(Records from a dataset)
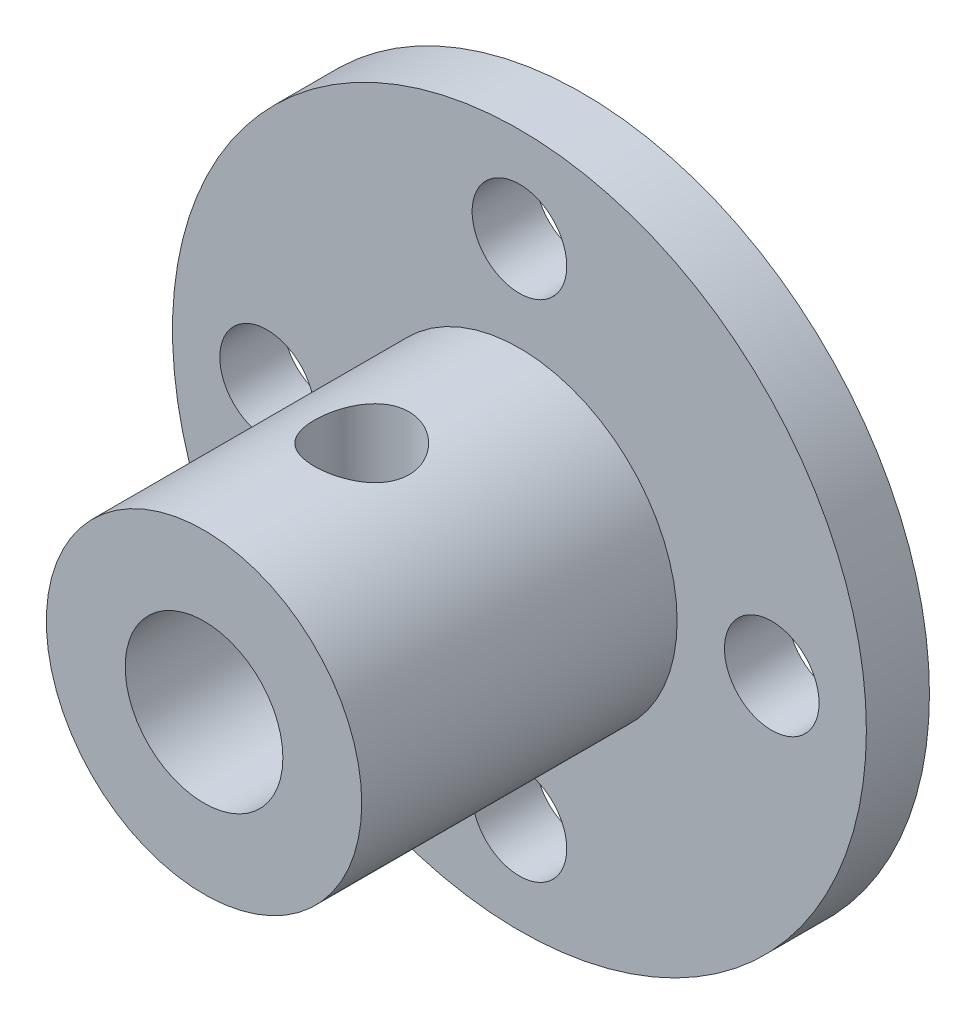
ISO-10303-21;
HEADER;
FILE_DESCRIPTION(('STEP AP214'),'2;1');
FILE_NAME('part.step','',(''),(''),'','','');
FILE_SCHEMA(('AUTOMOTIVE_DESIGN { 1 0 10303 214 1 1 1 1 }'));
ENDSEC;
DATA;
#1=APPLICATION_CONTEXT('core data for automotive mechanical design processes');
#2=APPLICATION_PROTOCOL_DEFINITION('international standard','automotive_design',2000,#1);
#3=PRODUCT_CONTEXT('',#1,'mechanical');
#4=PRODUCT('Part','Part','',(#3));
#5=PRODUCT_RELATED_PRODUCT_CATEGORY('part','',(#4));
#6=PRODUCT_DEFINITION_FORMATION('','',#4);
#7=PRODUCT_DEFINITION_CONTEXT('part definition',#1,'design');
#8=PRODUCT_DEFINITION('design','',#6,#7);
#9=PRODUCT_DEFINITION_SHAPE('','',#8);
#10=(LENGTH_UNIT() NAMED_UNIT(*) SI_UNIT(.MILLI.,.METRE.));
#11=(NAMED_UNIT(*) PLANE_ANGLE_UNIT() SI_UNIT($,.RADIAN.));
#12=(NAMED_UNIT(*) SI_UNIT($,.STERADIAN.) SOLID_ANGLE_UNIT());
#13=UNCERTAINTY_MEASURE_WITH_UNIT(LENGTH_MEASURE(1.E-05),#10,'distance_accuracy_value','');
#14=(GEOMETRIC_REPRESENTATION_CONTEXT(3) GLOBAL_UNCERTAINTY_ASSIGNED_CONTEXT((#13)) GLOBAL_UNIT_ASSIGNED_CONTEXT((#10,
#11,#12)) REPRESENTATION_CONTEXT('',''));
#15=CARTESIAN_POINT('',(0.,0.,0.));
#16=DIRECTION('',(0.,0.,1.));
#17=DIRECTION('',(1.,0.,0.));
#18=AXIS2_PLACEMENT_3D('',#15,#16,#17);
#19=CARTESIAN_POINT('',(0.,0.,2.));
#20=DIRECTION('',(0.,0.,1.));
#21=DIRECTION('',(1.,0.,0.));
#22=AXIS2_PLACEMENT_3D('',#19,#20,#21);
#23=PLANE('',#22);
#24=CARTESIAN_POINT('',(0.,-8.,2.));
#25=DIRECTION('',(0.,0.,1.));
#26=DIRECTION('',(1.,0.,0.));
#27=AXIS2_PLACEMENT_3D('',#24,#25,#26);
#28=CIRCLE('',#27,1.5);
#29=CARTESIAN_POINT('',(1.5,-8.,2.));
#30=VERTEX_POINT('',#29);
#31=EDGE_CURVE('E129',#30,#30,#28,.T.);
#32=ORIENTED_EDGE('',*,*,#31,.F.);
#33=EDGE_LOOP('',(#32));
#34=FACE_BOUND('',#33,.T.);
#35=CARTESIAN_POINT('',(0.,8.,2.));
#36=DIRECTION('',(0.,0.,1.));
#37=DIRECTION('',(1.,0.,0.));
#38=AXIS2_PLACEMENT_3D('',#35,#36,#37);
#39=CIRCLE('',#38,1.5);
#40=CARTESIAN_POINT('',(1.5,8.,2.));
#41=VERTEX_POINT('',#40);
#42=EDGE_CURVE('E143',#41,#41,#39,.T.);
#43=ORIENTED_EDGE('',*,*,#42,.F.);
#44=EDGE_LOOP('',(#43));
#45=FACE_BOUND('',#44,.T.);
#46=CARTESIAN_POINT('',(-8.,0.,2.));
#47=DIRECTION('',(0.,0.,1.));
#48=DIRECTION('',(1.,0.,0.));
#49=AXIS2_PLACEMENT_3D('',#46,#47,#48);
#50=CIRCLE('',#49,1.5);
#51=CARTESIAN_POINT('',(-6.5,0.,2.));
#52=VERTEX_POINT('',#51);
#53=EDGE_CURVE('E50',#52,#52,#50,.T.);
#54=ORIENTED_EDGE('',*,*,#53,.F.);
#55=EDGE_LOOP('',(#54));
#56=FACE_BOUND('',#55,.T.);
#57=CARTESIAN_POINT('',(0.,0.,2.));
#58=DIRECTION('',(0.,0.,1.));
#59=DIRECTION('',(1.,0.,0.));
#60=AXIS2_PLACEMENT_3D('',#57,#58,#59);
#61=CIRCLE('',#60,11.);
#62=CARTESIAN_POINT('',(11.,0.,2.));
#63=VERTEX_POINT('',#62);
#64=EDGE_CURVE('E10',#63,#63,#61,.T.);
#65=ORIENTED_EDGE('',*,*,#64,.T.);
#66=EDGE_LOOP('',(#65));
#67=FACE_BOUND('',#66,.T.);
#68=CARTESIAN_POINT('',(8.,0.,2.));
#69=DIRECTION('',(0.,0.,1.));
#70=DIRECTION('',(1.,0.,0.));
#71=AXIS2_PLACEMENT_3D('',#68,#69,#70);
#72=CIRCLE('',#71,1.5);
#73=CARTESIAN_POINT('',(9.5,0.,2.));
#74=VERTEX_POINT('',#73);
#75=EDGE_CURVE('E139',#74,#74,#72,.T.);
#76=ORIENTED_EDGE('',*,*,#75,.F.);
#77=EDGE_LOOP('',(#76));
#78=FACE_BOUND('',#77,.T.);
#79=CARTESIAN_POINT('',(0.,0.,2.));
#80=DIRECTION('',(0.,0.,1.));
#81=DIRECTION('',(1.,0.,0.));
#82=AXIS2_PLACEMENT_3D('',#79,#80,#81);
#83=CIRCLE('',#82,5.);
#84=CARTESIAN_POINT('',(5.,0.,2.));
#85=VERTEX_POINT('',#84);
#86=EDGE_CURVE('E135',#85,#85,#83,.T.);
#87=ORIENTED_EDGE('',*,*,#86,.F.);
#88=EDGE_LOOP('',(#87));
#89=FACE_BOUND('',#88,.T.);
#90=ADVANCED_FACE('F32',(#34,#45,#56,#67,#78,#89),#23,.T.);
#91=CARTESIAN_POINT('',(0.,0.,0.));
#92=DIRECTION('',(0.,0.,1.));
#93=DIRECTION('',(1.,0.,0.));
#94=AXIS2_PLACEMENT_3D('',#91,#92,#93);
#95=PLANE('',#94);
#96=CARTESIAN_POINT('',(0.,0.,0.));
#97=DIRECTION('',(0.,0.,1.));
#98=DIRECTION('',(1.,0.,0.));
#99=AXIS2_PLACEMENT_3D('',#96,#97,#98);
#100=CIRCLE('',#99,11.);
#101=CARTESIAN_POINT('',(11.,0.,0.));
#102=VERTEX_POINT('',#101);
#103=EDGE_CURVE('E45',#102,#102,#100,.T.);
#104=ORIENTED_EDGE('',*,*,#103,.F.);
#105=EDGE_LOOP('',(#104));
#106=FACE_BOUND('',#105,.T.);
#107=CARTESIAN_POINT('',(-8.,0.,0.));
#108=DIRECTION('',(0.,0.,1.));
#109=DIRECTION('',(1.,0.,0.));
#110=AXIS2_PLACEMENT_3D('',#107,#108,#109);
#111=CIRCLE('',#110,1.5);
#112=CARTESIAN_POINT('',(-6.5,0.,0.));
#113=VERTEX_POINT('',#112);
#114=EDGE_CURVE('E53',#113,#113,#111,.T.);
#115=ORIENTED_EDGE('',*,*,#114,.T.);
#116=EDGE_LOOP('',(#115));
#117=FACE_BOUND('',#116,.T.);
#118=CARTESIAN_POINT('',(0.,0.,0.));
#119=DIRECTION('',(0.,0.,1.));
#120=DIRECTION('',(1.,0.,0.));
#121=AXIS2_PLACEMENT_3D('',#118,#119,#120);
#122=CIRCLE('',#121,2.5);
#123=CARTESIAN_POINT('',(2.5,0.,0.));
#124=VERTEX_POINT('',#123);
#125=EDGE_CURVE('E116',#124,#124,#122,.T.);
#126=ORIENTED_EDGE('',*,*,#125,.T.);
#127=EDGE_LOOP('',(#126));
#128=FACE_BOUND('',#127,.T.);
#129=CARTESIAN_POINT('',(0.,8.,0.));
#130=DIRECTION('',(0.,0.,1.));
#131=DIRECTION('',(1.,0.,0.));
#132=AXIS2_PLACEMENT_3D('',#129,#130,#131);
#133=CIRCLE('',#132,1.5);
#134=CARTESIAN_POINT('',(1.5,8.,0.));
#135=VERTEX_POINT('',#134);
#136=EDGE_CURVE('E120',#135,#135,#133,.T.);
#137=ORIENTED_EDGE('',*,*,#136,.T.);
#138=EDGE_LOOP('',(#137));
#139=FACE_BOUND('',#138,.T.);
#140=CARTESIAN_POINT('',(8.,0.,0.));
#141=DIRECTION('',(0.,0.,1.));
#142=DIRECTION('',(1.,0.,0.));
#143=AXIS2_PLACEMENT_3D('',#140,#141,#142);
#144=CIRCLE('',#143,1.5);
#145=CARTESIAN_POINT('',(9.5,0.,0.));
#146=VERTEX_POINT('',#145);
#147=EDGE_CURVE('E124',#146,#146,#144,.T.);
#148=ORIENTED_EDGE('',*,*,#147,.T.);
#149=EDGE_LOOP('',(#148));
#150=FACE_BOUND('',#149,.T.);
#151=CARTESIAN_POINT('',(0.,-8.,0.));
#152=DIRECTION('',(0.,0.,1.));
#153=DIRECTION('',(1.,0.,0.));
#154=AXIS2_PLACEMENT_3D('',#151,#152,#153);
#155=CIRCLE('',#154,1.5);
#156=CARTESIAN_POINT('',(1.5,-8.,0.));
#157=VERTEX_POINT('',#156);
#158=EDGE_CURVE('E127',#157,#157,#155,.T.);
#159=ORIENTED_EDGE('',*,*,#158,.T.);
#160=EDGE_LOOP('',(#159));
#161=FACE_BOUND('',#160,.T.);
#162=ADVANCED_FACE('F100',(#106,#117,#128,#139,#150,#161),#95,.F.);
#163=CARTESIAN_POINT('',(0.,0.,2.));
#164=DIRECTION('',(0.,0.,-1.));
#165=DIRECTION('',(-1.,0.,0.));
#166=AXIS2_PLACEMENT_3D('',#163,#164,#165);
#167=CYLINDRICAL_SURFACE('',#166,11.);
#168=ORIENTED_EDGE('',*,*,#64,.F.);
#169=EDGE_LOOP('',(#168));
#170=FACE_BOUND('',#169,.T.);
#171=ORIENTED_EDGE('',*,*,#103,.T.);
#172=EDGE_LOOP('',(#171));
#173=FACE_BOUND('',#172,.T.);
#174=ADVANCED_FACE('F34',(#170,#173),#167,.T.);
#175=CARTESIAN_POINT('',(-8.,0.,2.));
#176=DIRECTION('',(0.,0.,-1.));
#177=DIRECTION('',(-1.,0.,0.));
#178=AXIS2_PLACEMENT_3D('',#175,#176,#177);
#179=CYLINDRICAL_SURFACE('',#178,1.5);
#180=ORIENTED_EDGE('',*,*,#53,.T.);
#181=EDGE_LOOP('',(#180));
#182=FACE_BOUND('',#181,.T.);
#183=ORIENTED_EDGE('',*,*,#114,.F.);
#184=EDGE_LOOP('',(#183));
#185=FACE_BOUND('',#184,.T.);
#186=ADVANCED_FACE('F92',(#182,#185),#179,.F.);
#187=CARTESIAN_POINT('',(0.,0.,2.));
#188=DIRECTION('',(0.,0.,-1.));
#189=DIRECTION('',(-1.,0.,0.));
#190=AXIS2_PLACEMENT_3D('',#187,#188,#189);
#191=CYLINDRICAL_SURFACE('',#190,2.5);
#192=CARTESIAN_POINT('',(0.,-2.5,8.5));
#193=CARTESIAN_POINT('',(0.0767298334620158,-2.49999625789732,8.49999590899012));
#194=CARTESIAN_POINT('',(0.153582320644178,-2.4964290461501,8.49407132907374));
#195=CARTESIAN_POINT('',(0.304975509530679,-2.48249903608568,8.47067568048467));
#196=CARTESIAN_POINT('',(0.379510034596047,-2.47211948032719,8.45317613814578));
#197=CARTESIAN_POINT('',(0.523751827790837,-2.44561558054488,8.40761363883314));
#198=CARTESIAN_POINT('',(0.593481028226566,-2.42951973272944,8.37960304183684));
#199=CARTESIAN_POINT('',(0.727030318214659,-2.39295367626407,8.31413966685897));
#200=CARTESIAN_POINT('',(0.790851869416383,-2.37248455380255,8.27668923303125));
#201=CARTESIAN_POINT('',(0.916299278999315,-2.32705360719088,8.19022517329142));
#202=CARTESIAN_POINT('',(0.977384020081416,-2.30186792195985,8.14054630464861));
#203=CARTESIAN_POINT('',(1.09088270411891,-2.25030439279634,8.03253279617173));
#204=CARTESIAN_POINT('',(1.14328534948112,-2.22392505153571,7.97418706281268));
#205=CARTESIAN_POINT('',(1.24444996762974,-2.1691106699591,7.84207648950327));
#206=CARTESIAN_POINT('',(1.29197766378809,-2.14082017703649,7.76729822901871));
#207=CARTESIAN_POINT('',(1.37361437764896,-2.08938301412124,7.60915342675689));
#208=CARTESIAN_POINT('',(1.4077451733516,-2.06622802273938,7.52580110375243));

Work task
From the records above, copy out the line with "#117=FACE_BOUND('',#116,.T.);", the line with "#143=AXIS2_PLACEMENT_3D('',#140,#141,#142);", and every line between them, word for word.

Task result
#117=FACE_BOUND('',#116,.T.);
#118=CARTESIAN_POINT('',(0.,0.,0.));
#119=DIRECTION('',(0.,0.,1.));
#120=DIRECTION('',(1.,0.,0.));
#121=AXIS2_PLACEMENT_3D('',#118,#119,#120);
#122=CIRCLE('',#121,2.5);
#123=CARTESIAN_POINT('',(2.5,0.,0.));
#124=VERTEX_POINT('',#123);
#125=EDGE_CURVE('E116',#124,#124,#122,.T.);
#126=ORIENTED_EDGE('',*,*,#125,.T.);
#127=EDGE_LOOP('',(#126));
#128=FACE_BOUND('',#127,.T.);
#129=CARTESIAN_POINT('',(0.,8.,0.));
#130=DIRECTION('',(0.,0.,1.));
#131=DIRECTION('',(1.,0.,0.));
#132=AXIS2_PLACEMENT_3D('',#129,#130,#131);
#133=CIRCLE('',#132,1.5);
#134=CARTESIAN_POINT('',(1.5,8.,0.));
#135=VERTEX_POINT('',#134);
#136=EDGE_CURVE('E120',#135,#135,#133,.T.);
#137=ORIENTED_EDGE('',*,*,#136,.T.);
#138=EDGE_LOOP('',(#137));
#139=FACE_BOUND('',#138,.T.);
#140=CARTESIAN_POINT('',(8.,0.,0.));
#141=DIRECTION('',(0.,0.,1.));
#142=DIRECTION('',(1.,0.,0.));
#143=AXIS2_PLACEMENT_3D('',#140,#141,#142);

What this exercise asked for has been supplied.